For the last week or so the boot time for Windows 7 has drastically increased from approx 10 seconds from power on to desktop screen to around 2 minutes. This is booting from my SSD.

I'm relativeley inexperienced when it comes to problems with SSD but surely this can't be right?

I've just run an AS SSD benchmark and the results are as follows:

Untitled

As far as I am aware I have made no software or hardware changes that would have caused this problem (I did overclock my GPU a couple of weeks ago but I have since returned it to stock)

I have trim enabled.

Can anybody help shed some light on what the problem might be?

Thanks
 
Solution
Sure thing mate.
As for your question, I guess that starting everything from scratch (as described in your post) would make sense.

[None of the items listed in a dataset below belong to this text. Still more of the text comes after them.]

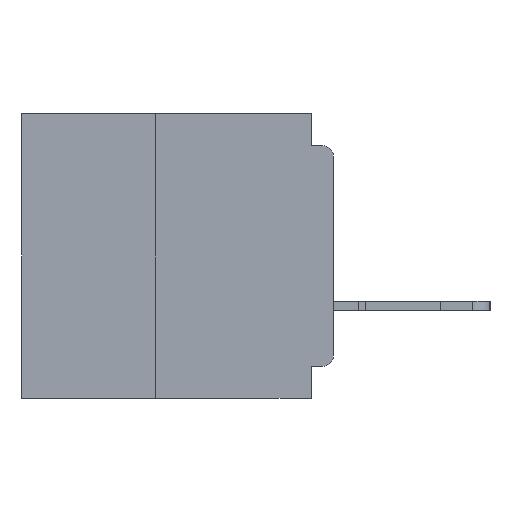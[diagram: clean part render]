
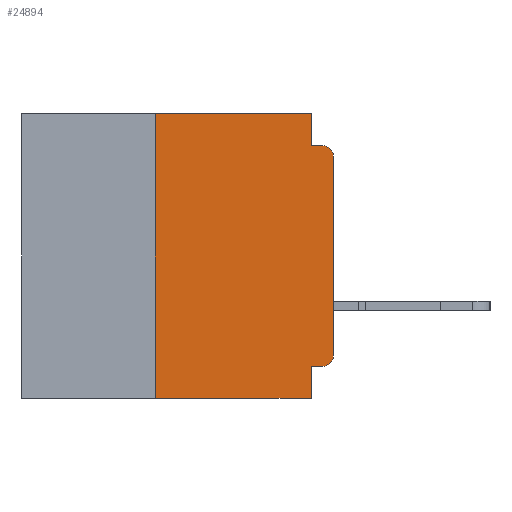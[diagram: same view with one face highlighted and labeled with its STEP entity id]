
A CAD part, left-side view. The second image highlights one B-rep face of the part: STEP entity #24894.
In plain terms, the highlighted planar face has unit normal (-1, 0, 0).
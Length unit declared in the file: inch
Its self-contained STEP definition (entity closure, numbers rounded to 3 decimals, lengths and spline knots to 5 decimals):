
#424 = EDGE_CURVE ( 'NONE', #15972, #37494, #7615, .T. ) ;
#801 = PLANE ( 'NONE',  #51739 ) ;
#1074 = LINE ( 'NONE', #56564, #13875 ) ;
#2207 = CARTESIAN_POINT ( 'NONE',  ( 0., 0., -0.355 ) ) ;
#4040 = DIRECTION ( 'NONE',  ( 0., 0., 1. ) ) ;
#4586 = CARTESIAN_POINT ( 'NONE',  ( 0., 0., -0.06 ) ) ;
#5285 = CARTESIAN_POINT ( 'NONE',  ( 0., 0.031, -0.4 ) ) ;
#5686 = DIRECTION ( 'NONE',  ( 1., 0., 0. ) ) ;
#5893 = VECTOR ( 'NONE', #61950, 39.37008 ) ;
#6076 = ORIENTED_EDGE ( 'NONE', *, *, #61606, .T. ) ;
#6476 = VERTEX_POINT ( 'NONE', #60670 ) ;
#7174 = LINE ( 'NONE', #5285, #31209 ) ;
#7615 = LINE ( 'NONE', #56491, #57023 ) ;
#7670 = ORIENTED_EDGE ( 'NONE', *, *, #8311, .F. ) ;
#8311 = EDGE_CURVE ( 'NONE', #52368, #59888, #1074, .T. ) ;
#11629 = DIRECTION ( 'NONE',  ( 0., -1., 0. ) ) ;
#13875 = VECTOR ( 'NONE', #4040, 39.37008 ) ;
#13907 = CARTESIAN_POINT ( 'NONE',  ( 0., 0.015, -0.06 ) ) ;
#14382 = DIRECTION ( 'NONE',  ( -1., 0., 0. ) ) ;
#15275 = ORIENTED_EDGE ( 'NONE', *, *, #51800, .T. ) ;
#15822 = CARTESIAN_POINT ( 'NONE',  ( 0., 0., -0.34 ) ) ;
#15972 = VERTEX_POINT ( 'NONE', #58111 ) ;
#16689 = EDGE_CURVE ( 'NONE', #51809, #37083, #44713, .T. ) ;
#17859 = VERTEX_POINT ( 'NONE', #39597 ) ;
#18304 = EDGE_CURVE ( 'NONE', #37494, #58155, #56814, .T. ) ;
#18390 = VERTEX_POINT ( 'NONE', #29482 ) ;
#18734 = DIRECTION ( 'NONE',  ( 0., 0., -1. ) ) ;
#18989 = CARTESIAN_POINT ( 'NONE',  ( 0., 0., -0.045 ) ) ;
#19761 = DIRECTION ( 'NONE',  ( 0., 0., -1. ) ) ;
#19960 = ORIENTED_EDGE ( 'NONE', *, *, #16689, .T. ) ;
#20636 = CARTESIAN_POINT ( 'NONE',  ( 0., 0., 0. ) ) ;
#21749 = VECTOR ( 'NONE', #59535, 39.37008 ) ;
#21850 = EDGE_LOOP ( 'NONE', ( #19960, #6076, #59037, #33764, #59437, #7670, #15275, #44286, #52014, #31981 ) ) ;
#23027 = LINE ( 'NONE', #45136, #46932 ) ;
#24894 = ADVANCED_FACE ( 'NONE', ( #35694 ), #801, .F. ) ;
#26531 = AXIS2_PLACEMENT_3D ( 'NONE', #13907, #47404, #18734 ) ;
#28894 = AXIS2_PLACEMENT_3D ( 'NONE', #43096, #14382, #47878 ) ;
#29023 = VECTOR ( 'NONE', #49301, 39.37008 ) ;
#29482 = CARTESIAN_POINT ( 'NONE',  ( 0., 0.031, -0.355 ) ) ;
#30897 = CARTESIAN_POINT ( 'NONE',  ( 0., 0.25, -0.4 ) ) ;
#31209 = VECTOR ( 'NONE', #19761, 39.37008 ) ;
#31981 = ORIENTED_EDGE ( 'NONE', *, *, #51628, .T. ) ;
#32473 = CIRCLE ( 'NONE', #26531, 0.015 ) ;
#33764 = ORIENTED_EDGE ( 'NONE', *, *, #424, .F. ) ;
#34438 = CARTESIAN_POINT ( 'NONE',  ( 0., 0.437, 0. ) ) ;
#34900 = DIRECTION ( 'NONE',  ( 0., -1., 0. ) ) ;
#35694 = FACE_OUTER_BOUND ( 'NONE', #21850, .T. ) ;
#35996 = CARTESIAN_POINT ( 'NONE',  ( 0., 0.031, -0.045 ) ) ;
#37083 = VERTEX_POINT ( 'NONE', #4586 ) ;
#37447 = EDGE_CURVE ( 'NONE', #6476, #18390, #47175, .T. ) ;
#37494 = VERTEX_POINT ( 'NONE', #35996 ) ;
#37672 = CIRCLE ( 'NONE', #28894, 0.015 ) ;
#38386 = LINE ( 'NONE', #58671, #52576 ) ;
#39245 = DIRECTION ( 'NONE',  ( 0., 0., -1. ) ) ;
#39597 = CARTESIAN_POINT ( 'NONE',  ( 0., 0.031, -0.4 ) ) ;
#43096 = CARTESIAN_POINT ( 'NONE',  ( 0., 0.015, -0.34 ) ) ;
#44286 = ORIENTED_EDGE ( 'NONE', *, *, #59992, .F. ) ;
#44713 = LINE ( 'NONE', #20636, #29023 ) ;
#45136 = CARTESIAN_POINT ( 'NONE',  ( 0., 0.437, 0. ) ) ;
#46427 = CARTESIAN_POINT ( 'NONE',  ( 0., 0.015, -0.045 ) ) ;
#46932 = VECTOR ( 'NONE', #11629, 39.37008 ) ;
#47175 = LINE ( 'NONE', #2207, #21749 ) ;
#47404 = DIRECTION ( 'NONE',  ( -1., 0., 0. ) ) ;
#47878 = DIRECTION ( 'NONE',  ( 0., 0., -1. ) ) ;
#49301 = DIRECTION ( 'NONE',  ( 0., 0., 1. ) ) ;
#51628 = EDGE_CURVE ( 'NONE', #6476, #51809, #37672, .T. ) ;
#51739 = AXIS2_PLACEMENT_3D ( 'NONE', #34438, #5686, #39245 ) ;
#51800 = EDGE_CURVE ( 'NONE', #52368, #17859, #38386, .T. ) ;
#51809 = VERTEX_POINT ( 'NONE', #15822 ) ;
#52014 = ORIENTED_EDGE ( 'NONE', *, *, #37447, .F. ) ;
#52368 = VERTEX_POINT ( 'NONE', #30897 ) ;
#52430 = CARTESIAN_POINT ( 'NONE',  ( 0., 0.25, 0. ) ) ;
#52576 = VECTOR ( 'NONE', #34900, 39.37008 ) ;
#55553 = DIRECTION ( 'NONE',  ( 0., 0., -1. ) ) ;
#56491 = CARTESIAN_POINT ( 'NONE',  ( 0., 0.031, 0. ) ) ;
#56564 = CARTESIAN_POINT ( 'NONE',  ( 0., 0.25, -0.4 ) ) ;
#56814 = LINE ( 'NONE', #18989, #5893 ) ;
#57023 = VECTOR ( 'NONE', #55553, 39.37008 ) ;
#58111 = CARTESIAN_POINT ( 'NONE',  ( 0., 0.031, 0. ) ) ;
#58155 = VERTEX_POINT ( 'NONE', #46427 ) ;
#58671 = CARTESIAN_POINT ( 'NONE',  ( 0., 0.437, -0.4 ) ) ;
#59037 = ORIENTED_EDGE ( 'NONE', *, *, #18304, .F. ) ;
#59437 = ORIENTED_EDGE ( 'NONE', *, *, #59543, .F. ) ;
#59535 = DIRECTION ( 'NONE',  ( 0., 1., 0. ) ) ;
#59543 = EDGE_CURVE ( 'NONE', #59888, #15972, #23027, .T. ) ;
#59888 = VERTEX_POINT ( 'NONE', #52430 ) ;
#59992 = EDGE_CURVE ( 'NONE', #18390, #17859, #7174, .T. ) ;
#60670 = CARTESIAN_POINT ( 'NONE',  ( 0., 0.015, -0.355 ) ) ;
#61606 = EDGE_CURVE ( 'NONE', #37083, #58155, #32473, .T. ) ;
#61950 = DIRECTION ( 'NONE',  ( 0., -1., 0. ) ) ;

If it's a software problem of some sort and neither BIOS/UEFI update or firmware update can fix that and if the drives are healthy, what you've suggested should work, unless there some sort of weird incompatibility issue (for which I doubt, but it's still possible).
So if it's not too much of a hassle for you - try it out.
Hey there, Rob.

Do you remember installing or doing anything in particular around the time the issue occurred?
Try the drive with a different SATA port and cables, to see if the same thing happens. You should also backup your data, just to be on the safe side and after that, go ahead and download an SSD diagnostic tool and test the drive for errors.
Check if the SSD model has an available firmware update and if you find one - install it. Try updating/resetting your BIOS/UEFI, to see if that fixes the problem.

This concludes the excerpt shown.